Do shorter field names save database space?

I plan to save secondly flight data for a large number of planes, with perhaps 50 different fields in each record. Does the actual name of each field get saved for every record written?

In other words, will the database be smaller by using short fields such as “lat”, “lon”, and “alt” instead of “latitude”, “longitude”, and “altitude”, etc.? Or do values get mapped to longer, more meaningful fields without storing the actual field name each time?

Field names are stored in the shard file once per shard per measurement.

That means field names will have minimal impact on space. If there are a bunch of measurements with the same fields, then those field names will be stored multiple times and will consume more space (again, one copy of the field names per measurement). However, the space used would still be negligible compared to the amount of data stored as field values.

1 Like

A thorough and clear answer. Thank you.

1 Like

@jbbarnes I realized I made a big error in my previous answer.

The field key/name is actually recorded for each individual series (instead of each measurement) per each TSM file (instead of each shard). This means that long field names can have an appreciable impact on database space when there is high series cardinality and when a shard is not fully compacted into a single TSM file.

For example, if there was an InfluxDB database with:

  • 1 million series
  • one fully compacted shard
  • each series has field keys named “latitude”, “longitude”, and “altitude”

Then the field names would take up (25 bytes * 1000000 series) = 25MB.

If the field names were “lat”, “lon”, and “alt”, they would require (9 bytes * 1000000 series) = 9MB.

In this case, a long-running InfluxDB instance would see 16MB savings with shorter field names for each shard. Also, any shards actively receiving a high write throughput could contain tens to hundreds of underlying TSM files. Even though those TSM files will eventually be compacted into one single TSM, the field names will be repeated for each series in each one.

In the context of an InfluxDB database with 1 million series, the space used by field names will still be a relatively small piece of the overall disk space used, but it will not be a negligible amount of space.

1 Like

@gunnar :Thank you very much for the revision. It’s important to know.
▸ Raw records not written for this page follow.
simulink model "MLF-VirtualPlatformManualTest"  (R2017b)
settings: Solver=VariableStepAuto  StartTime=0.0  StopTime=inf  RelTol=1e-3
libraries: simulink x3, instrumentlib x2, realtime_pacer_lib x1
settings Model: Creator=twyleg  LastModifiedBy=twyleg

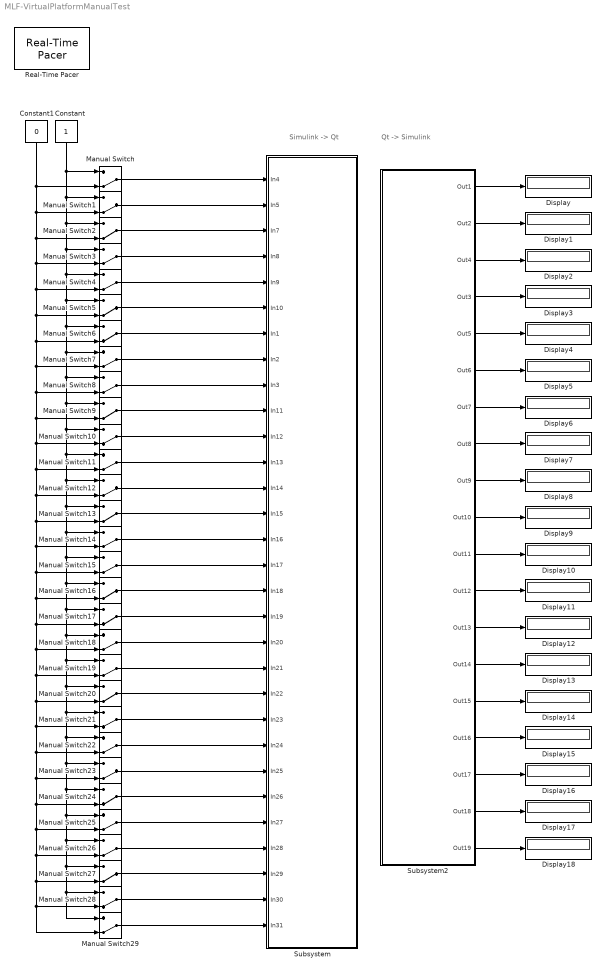
== system MLF-VirtualPlatformManualTest ==
  note: Simulink -> Qt
  note: Qt -> Simulink
  Constant : Constant  OutDataTypeStr=boolean
  Constant1 : Constant  Value=0  OutDataTypeStr=boolean
  Display{,1..18} (19 alike) : Display
  Manual Switch{,1..29} (30 alike) : ManualSwitch  CurrentSetting=0
  Real-Time Pacer : realtime_pacer_lib/Real-Time Pacer  simTimePerRealTime=1
  Subsystem : Subsystem
  Subsystem2 : Subsystem
  wires:
  Subsystem2/1(Out1) -> Display/1
  Subsystem2/2(Out2) -> Display1/1
  Subsystem2/3(Out4) -> Display2/1
  Subsystem2/4(Out3) -> Display3/1
  Subsystem2/5(Out5) -> Display4/1
  Manual Switch/1 -> Subsystem/1(In4)
  Manual Switch1/1 -> Subsystem/2(In5)
  Manual Switch2/1 -> Subsystem/3(In7)
  Manual Switch3/1 -> Subsystem/4(In8)
  Manual Switch4/1 -> Subsystem/5(In9)
  Manual Switch5/1 -> Subsystem/6(In10)
  Manual Switch6/1 -> Subsystem/7(In1)
  Manual Switch7/1 -> Subsystem/8(In2)
  Manual Switch8/1 -> Subsystem/9(In3)
  Manual Switch9/1 -> Subsystem/10(In11)
  Manual Switch10/1 -> Subsystem/11(In12)
  Manual Switch11/1 -> Subsystem/12(In13)
  Manual Switch12/1 -> Subsystem/13(In14)
  Manual Switch13/1 -> Subsystem/14(In15)
  Manual Switch14/1 -> Subsystem/15(In16)
  Manual Switch15/1 -> Subsystem/16(In17)
  Manual Switch16/1 -> Subsystem/17(In18)
  Manual Switch17/1 -> Subsystem/18(In19)
  Manual Switch18/1 -> Subsystem/19(In20)
  Manual Switch19/1 -> Subsystem/20(In21)
  Manual Switch20/1 -> Subsystem/21(In22)
  Manual Switch21/1 -> Subsystem/22(In23)
  Manual Switch22/1 -> Subsystem/23(In24)
  Manual Switch23/1 -> Subsystem/24(In25)
  Manual Switch24/1 -> Subsystem/25(In26)
  Manual Switch25/1 -> Subsystem/26(In27)
  Manual Switch26/1 -> Subsystem/27(In28)
  Manual Switch27/1 -> Subsystem/28(In29)
  Manual Switch28/1 -> Subsystem/29(In30)
  Manual Switch29/1 -> Subsystem/30(In31)
  Constant1/1 -> Manual Switch5/2, Manual Switch6/2, Manual Switch7/2, Manual Switch8/2, Manual Switch9/2, Manual Switch10/2, Manual Switch11/2, Manual Switch12/2, Manual Switch13/2, Manual Switch14/2, Manual Switch15/2, Manual Switch16/2, Manual Switch17/2, Manual Switch18/2, Manual Switch19/2, Manual Switch20/2, Manual Switch21/2, Manual Switch22/2, Manual Switch23/2, Manual Switch24/2, Manual Switch25/2, Manual Switch26/2, Manual Switch27/2, Manual Switch28/2, Manual Switch29/2, Manual Switch4/2, Manual Switch3/2, Manual Switch2/2, Manual Switch1/2, Manual Switch/2
  Constant/1 -> Manual Switch/1, Manual Switch5/1, Manual Switch6/1, Manual Switch7/1, Manual Switch8/1, Manual Switch9/1, Manual Switch10/1, Manual Switch11/1, Manual Switch12/1, Manual Switch13/1, Manual Switch14/1, Manual Switch15/1, Manual Switch16/1, Manual Switch17/1, Manual Switch18/1, Manual Switch19/1, Manual Switch20/1, Manual Switch21/1, Manual Switch22/1, Manual Switch23/1, Manual Switch24/1, Manual Switch25/1, Manual Switch26/1, Manual Switch27/1, Manual Switch28/1, Manual Switch29/1, Manual Switch4/1, Manual Switch3/1, Manual Switch2/1, Manual Switch1/1
  Subsystem2/6(Out6) -> Display5/1
  Subsystem2/7(Out7) -> Display6/1
  Subsystem2/8(Out8) -> Display7/1
  Subsystem2/9(Out9) -> Display8/1
  Subsystem2/10(Out10) -> Display9/1
  Subsystem2/11(Out11) -> Display10/1
  Subsystem2/12(Out12) -> Display11/1
  Subsystem2/13(Out13) -> Display12/1
  Subsystem2/14(Out14) -> Display13/1
  Subsystem2/15(Out15) -> Display14/1
  Subsystem2/16(Out16) -> Display15/1
  Subsystem2/17(Out17) -> Display16/1
  Subsystem2/18(Out18) -> Display17/1
  Subsystem2/19(Out19) -> Display18/1

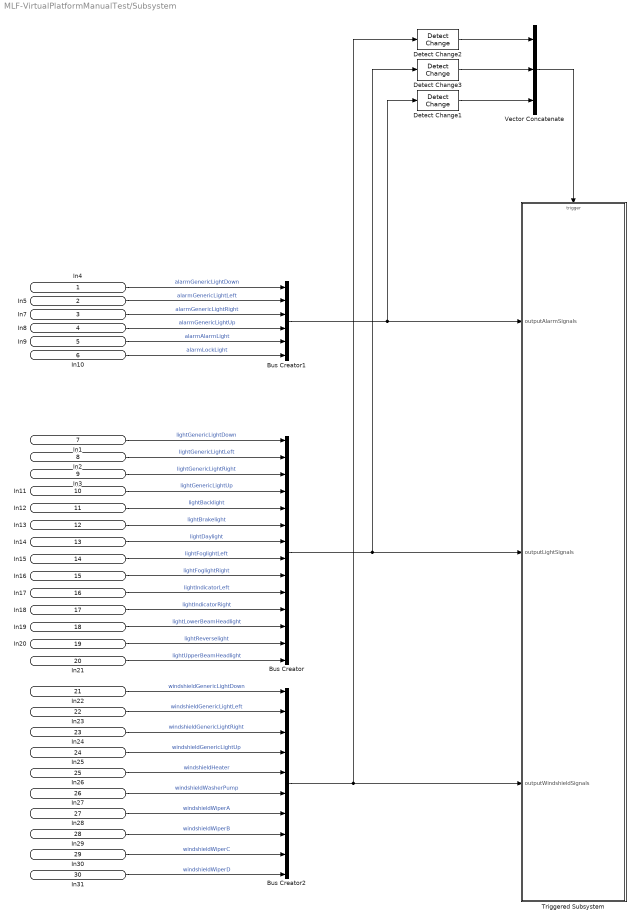
== system MLF-VirtualPlatformManualTest/Subsystem ==
  In4 : Inport
  In5 : Inport  Port=2
  In7 : Inport  Port=3
  In8 : Inport  Port=4
  In9 : Inport  Port=5
  In10 : Inport  Port=6
  In1 : Inport  Port=7
  In2 : Inport  Port=8
  In3 : Inport  Port=9
  In11 : Inport  Port=10
  In12 : Inport  Port=11
  In13 : Inport  Port=12
  In14 : Inport  Port=13
  In15 : Inport  Port=14
  In16 : Inport  Port=15
  In17 : Inport  Port=16
  In18 : Inport  Port=17
  In19 : Inport  Port=18
  In20 : Inport  Port=19
  In21 : Inport  Port=20
  In22 : Inport  Port=21
  In23 : Inport  Port=22
  In24 : Inport  Port=23
  In25 : Inport  Port=24
  In26 : Inport  Port=25
  In27 : Inport  Port=26
  In28 : Inport  Port=27
  In29 : Inport  Port=28
  In30 : Inport  Port=29
  In31 : Inport  Port=30
  Bus Creator : BusCreator  Inputs=14
  Bus Creator1 : BusCreator  Inputs=6
  Bus Creator2 : BusCreator  Inputs=10
  Detect Change1 : simulink/Logic and Bit Operations/Detect Change  vinit=0  OutDataTypeStr=boolean
  Detect Change2 : simulink/Logic and Bit Operations/Detect Change  vinit=0  OutDataTypeStr=boolean
  Detect Change3 : simulink/Logic and Bit Operations/Detect Change  vinit=0  OutDataTypeStr=boolean
  Triggered Subsystem : Subsystem  TreatAsAtomicUnit=on
  Vector Concatenate : Concatenate  NumInputs=3
  wires:
  Bus Creator/1 -> Detect Change3/1, Triggered Subsystem/2("outputLightSignals ")
  In1/1 -> Bus Creator/1  "lightGenericLightDown"
  In2/1 -> Bus Creator/2  "lightGenericLightLeft"
  In3/1 -> Bus Creator/3  "lightGenericLightRight"
  Detect Change3/1 -> Vector Concatenate/2
  In4/1 -> Bus Creator1/1  "alarmGenericLightDown"
  In5/1 -> Bus Creator1/2  "alarmGenericLightLeft"
  Bus Creator1/1 -> Detect Change1/1, Triggered Subsystem/1(outputAlarmSignals)
  Detect Change1/1 -> Vector Concatenate/3
  Vector Concatenate/1 -> Triggered Subsystem/Trigger
  In7/1 -> Bus Creator1/3  "alarmGenericLightRight"
  In8/1 -> Bus Creator1/4  "alarmGenericLightUp"
  In9/1 -> Bus Creator1/5  "alarmAlarmLight"
  In10/1 -> Bus Creator1/6  "alarmLockLight"
  Bus Creator2/1 -> Detect Change2/1, Triggered Subsystem/3(outputWindshieldSignals)
  Detect Change2/1 -> Vector Concatenate/1
  In11/1 -> Bus Creator/4  "lightGenericLightUp"
  In12/1 -> Bus Creator/5  "lightBacklight"
  In13/1 -> Bus Creator/6  "lightBrakelight"
  In14/1 -> Bus Creator/7  "lightDaylight"
  In15/1 -> Bus Creator/8  "lightFoglightLeft"
  In16/1 -> Bus Creator/9  "lightFoglightRight"
  In17/1 -> Bus Creator/10  "lightIndicatorLeft"
  In18/1 -> Bus Creator/11  "lightIndicatorRight"
  In19/1 -> Bus Creator/12  "lightLowerBeamHeadlight"
  In21/1 -> Bus Creator/14  "lightUpperBeamHeadlight"
  In20/1 -> Bus Creator/13  "lightReverselight"
  In22/1 -> Bus Creator2/1  "windshieldGenericLightDown"
  In23/1 -> Bus Creator2/2  "windshieldGenericLightLeft"
  In24/1 -> Bus Creator2/3  "windshieldGenericLightRight"
  In25/1 -> Bus Creator2/4  "windshieldGenericLightUp"
  In26/1 -> Bus Creator2/5  "windshieldHeater"
  In27/1 -> Bus Creator2/6  "windshieldWasherPump"
  In28/1 -> Bus Creator2/7  "windshieldWiperA"
  In29/1 -> Bus Creator2/8  "windshieldWiperB"
  In30/1 -> Bus Creator2/9  "windshieldWiperC"
  In31/1 -> Bus Creator2/10  "windshieldWiperD"

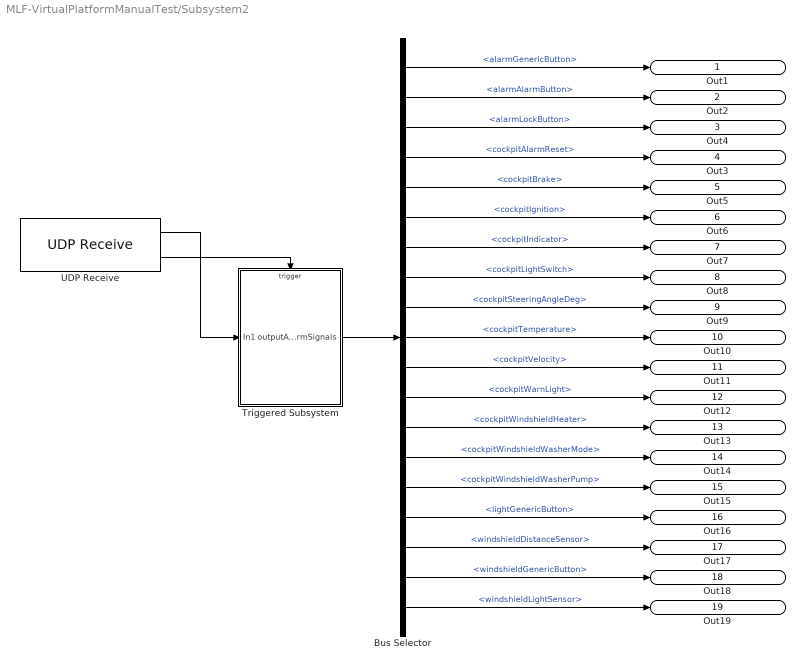
== system MLF-VirtualPlatformManualTest/Subsystem2 ==
  Bus Selector : BusSelector  OutputSignals=alarmGenericButton,alarmAlarmButton,alarmLockButton,cockpitAlarmReset,cockpitBrake,cockpitIgnition,cockpitIndicator,cockpitLightSwitch,cockpitSteeringAngleDeg,cockpitTemperature,cockpitVelocity,cockpitWarnLight,cockpitWindshieldHeater,cockpitWindshieldWasherMode,cockpitWindshieldWasherPump,lightGenericButton,windshieldDistanceSensor,windshieldGenericButton,windshieldLightSensor
  Triggered Subsystem : Subsystem  TreatAsAtomicUnit=on
  UDP Receive : instrumentlib/UDP Receive  Host=10.0.2.2  Port=50001  LocalPort=50001  DataSize=4096  EnableBlockingMode=off  Timeout=10  SampleTime=0.01  DataType=uint8  ByteOrder=BigEndian
      settings: SourceProductName=Instrument Control Toolbox
  Out1 : Outport
  Out2 : Outport  Port=2
  Out4 : Outport  Port=3
  Out3 : Outport  Port=4
  Out5 : Outport  Port=5
  Out6 : Outport  Port=6
  Out7 : Outport  Port=7
  Out8 : Outport  Port=8
  Out9 : Outport  Port=9
  Out10 : Outport  Port=10
  Out11 : Outport  Port=11
  Out12 : Outport  Port=12
  Out13 : Outport  Port=13
  Out14 : Outport  Port=14
  Out15 : Outport  Port=15
  Out16 : Outport  Port=16
  Out17 : Outport  Port=17
  Out18 : Outport  Port=18
  Out19 : Outport  Port=19
  wires:
  UDP Receive/2 -> Triggered Subsystem/Trigger
  UDP Receive/1 -> Triggered Subsystem/1(In1)
  Triggered Subsystem/1(outputAlarmSignals) -> Bus Selector/1
  Bus Selector/1 -> Out1/1  "<alarmGenericButton>"
  Bus Selector/2 -> Out2/1  "<alarmAlarmButton>"
  Bus Selector/3 -> Out4/1  "<alarmLockButton>"
  Bus Selector/4 -> Out3/1  "<cockpitAlarmReset>"
  Bus Selector/5 -> Out5/1  "<cockpitBrake>"
  Bus Selector/6 -> Out6/1  "<cockpitIgnition>"
  Bus Selector/7 -> Out7/1  "<cockpitIndicator>"
  Bus Selector/19 -> Out19/1  "<windshieldLightSensor>"
  Bus Selector/18 -> Out18/1  "<windshieldGenericButton>"
  Bus Selector/17 -> Out17/1  "<windshieldDistanceSensor>"
  Bus Selector/16 -> Out16/1  "<lightGenericButton>"
  Bus Selector/15 -> Out15/1  "<cockpitWindshieldWasherPump>"
  Bus Selector/14 -> Out14/1  "<cockpitWindshieldWasherMode>"
  Bus Selector/13 -> Out13/1  "<cockpitWindshieldHeater>"
  Bus Selector/12 -> Out12/1  "<cockpitWarnLight>"
  Bus Selector/11 -> Out11/1  "<cockpitVelocity>"
  Bus Selector/10 -> Out10/1  "<cockpitTemperature>"
  Bus Selector/9 -> Out9/1  "<cockpitSteeringAngleDeg>"
  Bus Selector/8 -> Out8/1  "<cockpitLightSwitch>"

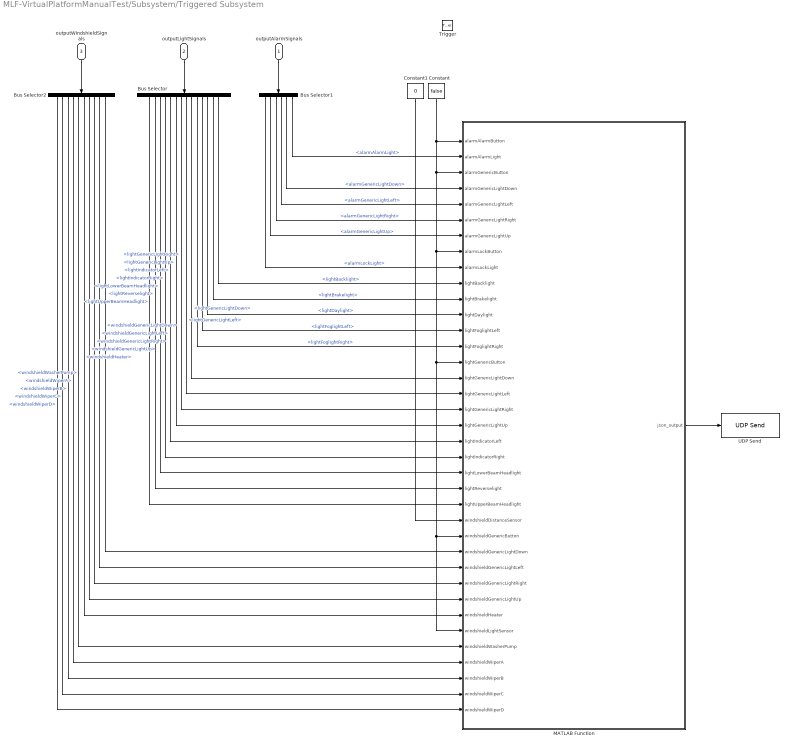
== system MLF-VirtualPlatformManualTest/Subsystem/Triggered Subsystem ==
  outputAlarmSignals : Inport
  "outputLightSignals " : Inport  Port=2  OutDataTypeStr=boolean
  outputWindshieldSignals : Inport  Port=3  OutDataTypeStr=boolean
  Trigger : TriggerPort  VariantControl=Variant
  Bus Selector : BusSelector  OutputSignals=lightUpperBeamHeadlight,lightReverselight,lightLowerBeamHeadlight,lightIndicatorRight,lightIndicatorLeft,lightGenericLightUp,lightGenericLightRight,lightGenericLightLeft,lightGenericLightDown,lightFoglightRight,lightFoglightLeft,lightDaylight,lightBrakelight,lightBacklight
  Bus Selector1 : BusSelector  OutputSignals=alarmLockLight,alarmGenericLightUp,alarmGenericLightRight,alarmGenericLightLeft,alarmGenericLightDown,alarmAlarmLight
  Bus Selector2 : BusSelector  OutputSignals=windshieldWiperD,windshieldWiperC,windshieldWiperB,windshieldWiperA,windshieldWasherPump,windshieldHeater,windshieldGenericLightUp,windshieldGenericLightRight,windshieldGenericLightLeft,windshieldGenericLightDown
  Constant : Constant  Value=false  OutDataTypeStr=boolean
  Constant1 : Constant  Value=0
  MATLAB Function : MATLAB Function  TreatAsAtomicUnit=on
  UDP Send : instrumentlib/UDP Send  Host=192.168.1.121  Port=50000  LocalPort=-1  EnableBlockingMode=on  ByteOrder=BigEndian
      settings: SourceProductName=Instrument Control Toolbox
  wires:
  MATLAB Function/1(json_output) -> UDP Send/1
  "outputLightSignals "/1 -> Bus Selector/1
  outputAlarmSignals/1 -> Bus Selector1/1
  Constant/1 -> MATLAB Function/1(alarmAlarmButton), MATLAB Function/3(alarmGenericButton), MATLAB Function/8(alarmLockButton), MATLAB Function/32(windshieldLightSensor), MATLAB Function/26(windshieldGenericButton), MATLAB Function/15(lightGenericButton)
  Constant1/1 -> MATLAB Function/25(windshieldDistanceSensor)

Pardon me if my InfluxDB vocabulary (series, TSM, measurement, point, shard) is imprecise, as I am brand new to this database and used to speaking in SQL terms.

In short, our database will have only one retention policy and one measurement: “flight_data”. The only tag is “plane_id” (there may be thousands of planes tracked). Once per second a new entry (a “point”?) will be saved with the timestamp, plane_id tag, and a few dozen fields, such as longitude and latitude. There are potentially hundreds of fields that might be used, though most of them change only occasionally and won’t be recorded unless they changed in the last second. So fields like “air_temperature” change only occasionally and ones like “gear_up” or “seatbelt_sign_on” would only happen a couple of times per flight.

In trying to make sense of the terms here:(https://docs.influxdata.com/influxdb/v1.5/concepts/key_concepts/) I think that would constitute one series per unique plane_id if I’m understanding cardinality.

So in this case, it sounds like the more lengthy field names would be recorded only once per individual plane, and in fact only those fields that happen to apply to that particular aircraft. It sounds like, in this case, the more readable field names would cause a little extra overhead once per each plane, and not per each second that it reports in. Am I understanding that correctly? Thanks.

So in this case, it sounds like the more lengthy field names would be recorded only once per individual plane, and in fact only those fields that happen to apply to that particular aircraft. It sounds like, in this case, the more readable field names would cause a little extra overhead once per each plane, and not per each second that it reports in. Am I understanding that correctly? Thanks.

Yup, that is correct and sounds reasonable. The field names will have a minimal impact on overall space used in your case.

Overall, field name length will have much less impact on space used than some other big factors like, using correct precision, using correct data types, and setting longer shard group durations on retention policies.

@gunnar

Thanks for verifying that for me. Regarding your suggestions, the one optimization it looks like we can’t do is use the best precision for the time stamp. We only need it accurate to the second, not the nanosecond, which is the default.

We are utilizing the UDP interface to InfluxDB and have found it to be very fast. We plan on handling a lot of throughput and it doesn’t matter if a few points get dropped. But we have not found a way to either specify the precision in the UDP write command, or by setting the default for the entire database or measurement ahead of time.

I have searched through historical user requests and discussions among the InfluxDB team posted online, and found plenty of discussion about this issue going back several years, but it doesn’t look like it has been addressed yet. Do you have any extra insight on whether we could specify an “s” precision while using UDP now or in an upcoming release?

I took a look at the code and the UDP interface does support a configurable precision as configuration option in the UDP section. Unfortunately, that config option was not documented in the example configuration file or the docs. I’ve opened up PRs to address that discrepancy.

1 Like

@gunnar

Thank you for going the extra mile. I added a precision entry to our influxdb.conf file and it worked.